**ABOUT THIS TASK**:
The answer should be an exact copy of the lines from the line with "Constant/1 -> Sum/3" through the last line of the entries, and no other lines.
= = =
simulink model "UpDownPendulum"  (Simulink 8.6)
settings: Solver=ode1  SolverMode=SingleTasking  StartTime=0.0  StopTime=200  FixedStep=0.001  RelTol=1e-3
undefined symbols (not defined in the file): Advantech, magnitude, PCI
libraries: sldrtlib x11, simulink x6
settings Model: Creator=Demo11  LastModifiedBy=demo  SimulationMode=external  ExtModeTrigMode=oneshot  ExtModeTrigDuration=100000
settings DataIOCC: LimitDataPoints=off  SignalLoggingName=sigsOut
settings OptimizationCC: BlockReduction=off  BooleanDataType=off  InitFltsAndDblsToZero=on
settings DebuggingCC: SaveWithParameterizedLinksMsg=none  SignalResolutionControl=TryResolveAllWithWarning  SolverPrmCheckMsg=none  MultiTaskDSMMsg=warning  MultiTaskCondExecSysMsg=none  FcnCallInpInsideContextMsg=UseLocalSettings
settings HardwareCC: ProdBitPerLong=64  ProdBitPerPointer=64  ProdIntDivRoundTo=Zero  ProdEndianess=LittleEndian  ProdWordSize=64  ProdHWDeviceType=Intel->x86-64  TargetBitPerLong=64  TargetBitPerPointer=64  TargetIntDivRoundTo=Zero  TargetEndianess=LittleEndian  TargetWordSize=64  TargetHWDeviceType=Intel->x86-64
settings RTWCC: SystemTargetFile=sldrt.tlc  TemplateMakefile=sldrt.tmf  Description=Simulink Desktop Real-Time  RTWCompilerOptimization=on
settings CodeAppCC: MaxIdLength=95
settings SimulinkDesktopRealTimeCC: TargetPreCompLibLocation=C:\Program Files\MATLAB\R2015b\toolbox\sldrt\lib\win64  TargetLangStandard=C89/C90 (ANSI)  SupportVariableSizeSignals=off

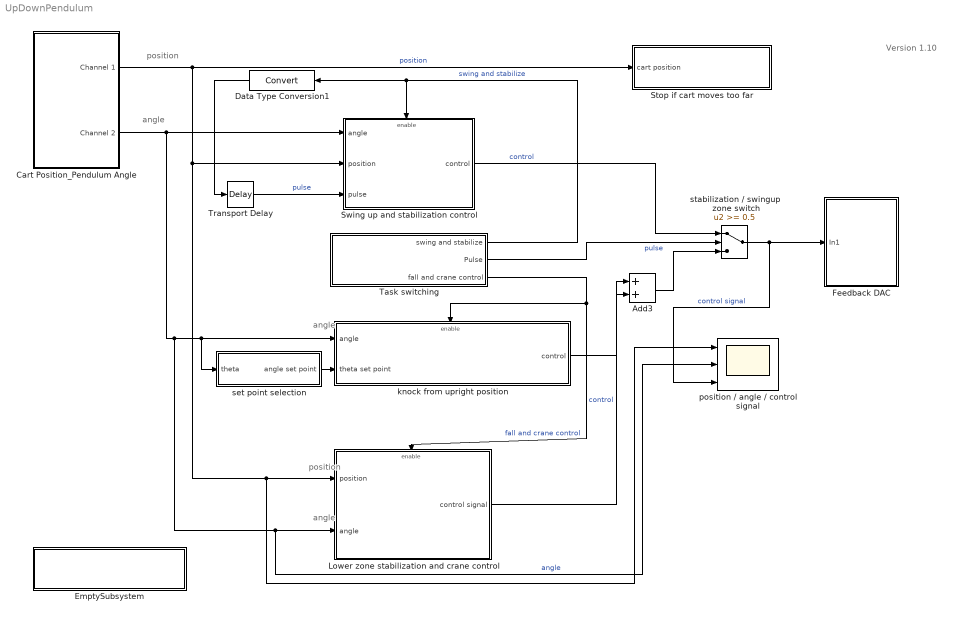
== system UpDownPendulum ==
  note: position
  note: angle
  note: Version 1.10
  note: angle
  note: angle
  note: position
  Add3 : Sum
  Cart Position_Pendulum Angle : Subsystem  mask(Feedback Encoder Block){st=0.001, of1=0, of2=-1024}
      mask prompts: st "Sample Time"; of1 "Channel 1 Offset"; of2 "Channel 2 Offset"
      mask help: Special block to use with the Feedback experiments to read encoder channels using the digital I/O lines
      mask Display:
      | image(imread('bckg.bmp'))
      | disp('PCI1711 \n Lab I/O Board \n\n\n Feedback Encoder')
  Data Type Conversion1 : DataTypeConversion
  EmptySubsystem : Subsystem
      mask Display:
      | image(imread('FB-inst-blue2.jpg'))
      | disp('\n\nFeedback Instruments Limited')
  Feedback DAC : Subsystem  mask(DAC Unit for Feedback Experiments){st=0.001, ch=1}
      mask prompts: st "Sample Time"; ch "Output Channel"
      mask help:
      | Digital to Analog Output  for Feedback Experiments
      | using Advantech PCI1711  I/O board
      mask Display:
      | image(imread('bckg.bmp'))
      | disp('PCI1711 \n Lab I/O Board \n\n Feedback  DAC \n for Pendulum')
  Lower zone stabilization and crane control : Subsystem  TreatAsAtomicUnit=on
      mask Display:
      | image(imread('bckg.bmp'))
      | disp('Lower zone stabilization \nand crane control')
  Stop if cart moves too far : Subsystem
      mask Display:
      | image(imread('bckg.bmp'))
      | disp('Stop if cart moves too far')
  Swing up and stabilization control : Subsystem  TreatAsAtomicUnit=on
      mask Display:
      | image(imread('bckg.bmp'))
      | disp('Swing up \nand stabilization control')
  Task switching : Subsystem
      mask Display:
      | image(imread('bckg.bmp'))
      | disp('Task switching')
  Transport Delay : TransportDelay  DelayTime=0.3  FixedBuffer=on
  knock from upright position : Subsystem  TreatAsAtomicUnit=on
      mask Display:
      | image(imread('bckg.bmp'))
      | disp('knock from upright position')
  position / angle / control signal : Scope  NumInputPorts=3
      mask Display: image(imread('scope.jpg'))
  set point selection : Subsystem
      mask Display:
      | image(imread('bckg.bmp'))
      | disp('Set point selection')
  stabilization / swingup  zone switch : Switch  Threshold=0.5
  wires:
  Cart Position_Pendulum Angle/1(Channel 1) -> Swing up and stabilization control/2(position), Lower zone stabilization and crane control/1(position), position / angle / control signal/1, Stop if cart moves too far/1(cart position)  "position"
  Cart Position_Pendulum Angle/2(Channel 2) -> knock from upright position/1(angle), set point selection/1(theta), Lower zone stabilization and crane control/2(angle), position / angle / control signal/2, Swing up and stabilization control/1(angle)  "angle"
  stabilization / swingup  zone switch/1 -> Feedback DAC/1(In1), position / angle / control signal/3  "control signal"
  Swing up and stabilization control/1(control) -> stabilization / swingup  zone switch/1  "control"
  set point selection/1(angle set point) -> knock from upright position/2(theta set point)
  Task switching/3(fall and crane control) -> knock from upright position/Enable, Lower zone stabilization and crane control/Enable  "fall and crane control"
  Add3/1 -> stabilization / swingup  zone switch/3
  Task switching/1(swing and stabilize) -> Swing up and stabilization control/Enable, Data Type Conversion1/1  "swing and stabilize"
  Transport Delay/1 -> Swing up and stabilization control/3(pulse)  "pulse"
  Data Type Conversion1/1 -> Transport Delay/1
  Task switching/2(Pulse) -> stabilization / swingup  zone switch/2  "pulse"
  Lower zone stabilization and crane control/1(control signal) -> Add3/2  "control"
  knock from upright position/1(control) -> Add3/1

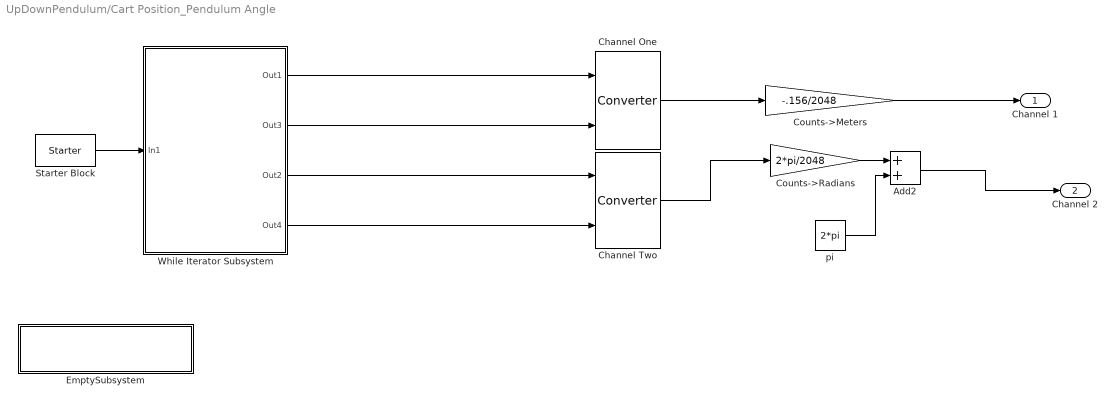
== system UpDownPendulum/Cart Position_Pendulum Angle ==
  Add2 : Sum
  Channel One : S-Function  FunctionName=Converter  Parameters=of1,st  SFunctionDeploymentMode=off  EnableBusSupport=off
  Channel Two : S-Function  FunctionName=Converter  Parameters=of2,st  SFunctionDeploymentMode=off  EnableBusSupport=off
  Counts->Meters : Gain  Gain=-.156/2048  SaturateOnIntegerOverflow=on  OutDataTypeStr=Inherit: Same as input  ParamDataTypeStr=Inherit: Same as input
  Counts->Radians : Gain  Gain=2*pi/2048  SaturateOnIntegerOverflow=on  OutDataTypeStr=Inherit: Same as input  ParamDataTypeStr=Inherit: Same as input
  EmptySubsystem : Subsystem
      mask Display:
      | image(imread('FB-inst-blue2.jpg'))
      | disp('\n\nFeedback Instruments Limited')
  Starter Block : S-Function  FunctionName=Starter  Parameters=sample_time  SFunctionDeploymentMode=off  EnableBusSupport=off  mask{sample_time=st}
      mask prompts: sample_time "Sample Time:"
  While Iterator Subsystem : Subsystem  TreatAsAtomicUnit=on
  pi : Constant  Value=2*pi
  Channel 1 : Outport
  Channel 2 : Outport  Port=2
  wires:
  Channel One/1 -> Counts->Meters/1
  While Iterator Subsystem/4(Out4) -> Channel Two/2
  While Iterator Subsystem/3(Out2) -> Channel Two/1
  While Iterator Subsystem/2(Out3) -> Channel One/2
  While Iterator Subsystem/1(Out1) -> Channel One/1
  Starter Block/1 -> While Iterator Subsystem/1(In1)
  Counts->Meters/1 -> Channel 1/1
  Counts->Radians/1 -> Add2/1
  pi/1 -> Add2/2
  Channel Two/1 -> Counts->Radians/1
  Add2/1 -> Channel 2/1

== system UpDownPendulum/EmptySubsystem ==

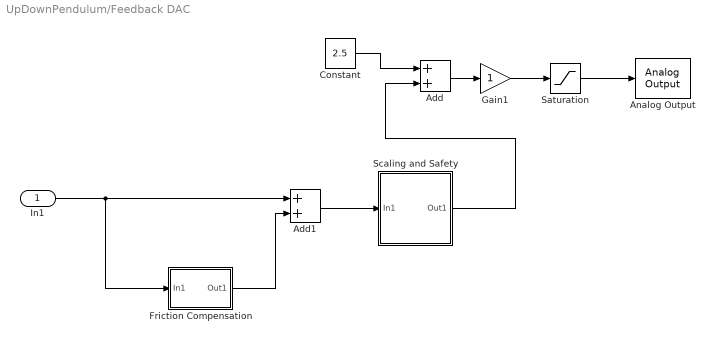
== system UpDownPendulum/Feedback DAC ==
  In1 : Inport
  Add : Sum  OutDataTypeStr=Inherit: Same as first input
  Add1 : Sum
  Analog Output : sldrtlib/Analog Output  SampleTime=st  MaxMissedTicks=10  ShowMissedTicks=off  YieldWhenWaiting=off  DrvName=Advantech/PCI-1711  DrvAddress=4294967295  DrvOptions=zeros(1,0)  Channels=ch  RangeMode=1  VoltRange=2  InitialValue=2.5  FinalValue=2.5
      settings: AttributesFormatString=Advantech\nPCI-1711 [auto]
  Constant : Constant  Value=2.5
  Friction Compensation : Subsystem  mask(linear){frictionCompNeg=.1, frictionCompPos=.1}
      mask prompts: frictionCompNeg "Friction Compensation Magnitude in Negative Direction"; frictionCompPos "Friction Compensation Magnitude in Positive Direction"
      mask Display: plot(0,0,100,100,[40,30,20],[87,85,80],[46,54,54,46,46],[90,90,80,80,90],[46,45,45,46,54,55,55,54,46],[78,80,90,91,91,90,80,78,78],[51,51,49,49],[78,10,10,78],[90,80,70,60],[70,80,85,88],[20,10],[80,70],[20,20,15],[73,80,80],[85,80,80],[80,80,74])
  Gain1 : Gain
  Saturation : Saturate  UpperLimit=5.0  LowerLimit=0
  Scaling and Safety : Subsystem
  wires:
  Add1/1 -> Scaling and Safety/1(In1)
  In1/1 -> Add1/1, Friction Compensation/1(In1)
  Friction Compensation/1(Out1) -> Add1/2
  Constant/1 -> Add/1
  Saturation/1 -> Analog Output/1
  Add/1 -> Gain1/1
  Gain1/1 -> Saturation/1
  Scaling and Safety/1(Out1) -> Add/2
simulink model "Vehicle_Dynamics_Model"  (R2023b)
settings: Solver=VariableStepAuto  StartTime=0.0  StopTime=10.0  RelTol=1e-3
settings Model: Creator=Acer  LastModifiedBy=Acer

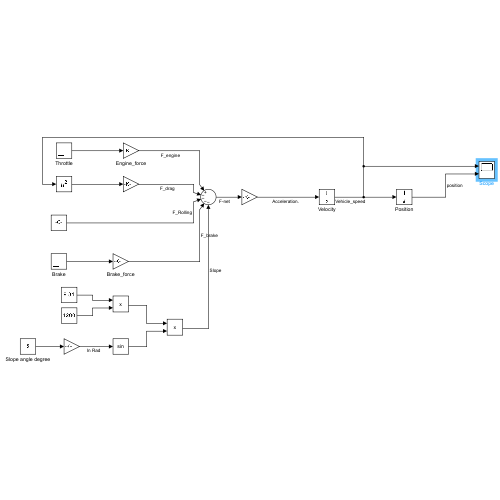
[thumbnail: Simulink's stored preview of the top-level diagram]
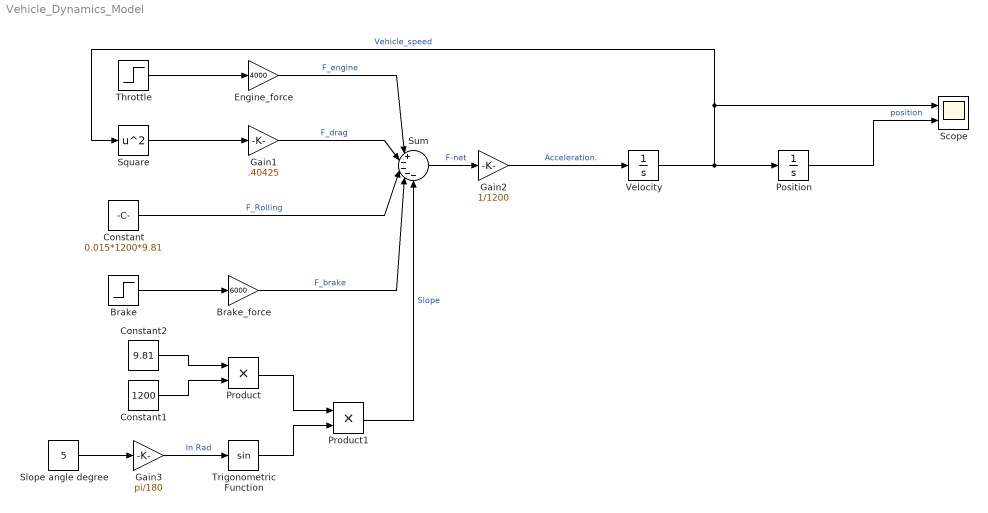
== system Vehicle_Dynamics_Model ==
  Brake : Step  Time=5  After=0.5  SampleTime=0
  Brake_force : Gain  Gain=6000
  Constant : Constant  Value=0.015*1200*9.81
  Constant1 : Constant  Value=1200
  Constant2 : Constant  Value=9.81
  Engine_force : Gain  Gain=4000
  Gain1 : Gain  Gain=.40425
  Gain2 : Gain  Gain=1/1200
  Gain3 : Gain  Gain=pi/180
  Position : Integrator
  Product : Product
  Product1 : Product
  Scope : Scope  NumInputPorts=2
  Slope angle degree : Constant  Value=5
  Square : Math  Operator=square
  Sum : Sum  Inputs=|+----
  Throttle : Step  After=.8  SampleTime=0
  Trigonometric Function : Trigonometry
  Velocity : Integrator
  wires:
  Throttle/1 -> Engine_force/1
  Gain1/1 -> Sum/2  "F_drag"
  Sum/1 -> Gain2/1  "F-net"
  Engine_force/1 -> Sum/1  "F_engine"
  Constant/1 -> Sum/3  "F_Rolling"
  Gain2/1 -> Velocity/1  "Acceleration."
  Velocity/1 -> Scope/1, Square/1, Position/1  "Vehicle_speed"
  Square/1 -> Gain1/1
  Brake/1 -> Brake_force/1
  Brake_force/1 -> Sum/4  "F_brake"
  Slope angle degree/1 -> Gain3/1
  Gain3/1 -> Trigonometric Function/1  "In Rad"
  Constant2/1 -> Product/1
  Constant1/1 -> Product/2
  Trigonometric Function/1 -> Product1/2
  Product/1 -> Product1/1
  Product1/1 -> Sum/5  "Slope"
  Position/1 -> Scope/2  "position"
= = =
**RESULT OF THIS EXERCISE**:
  Constant/1 -> Sum/3  "F_Rolling"
  Gain2/1 -> Velocity/1  "Acceleration."
  Velocity/1 -> Scope/1, Square/1, Position/1  "Vehicle_speed"
  Square/1 -> Gain1/1
  Brake/1 -> Brake_force/1
  Brake_force/1 -> Sum/4  "F_brake"
  Slope angle degree/1 -> Gain3/1
  Gain3/1 -> Trigonometric Function/1  "In Rad"
  Constant2/1 -> Product/1
  Constant1/1 -> Product/2
  Trigonometric Function/1 -> Product1/2
  Product/1 -> Product1/1
  Product1/1 -> Sum/5  "Slope"
  Position/1 -> Scope/2  "position"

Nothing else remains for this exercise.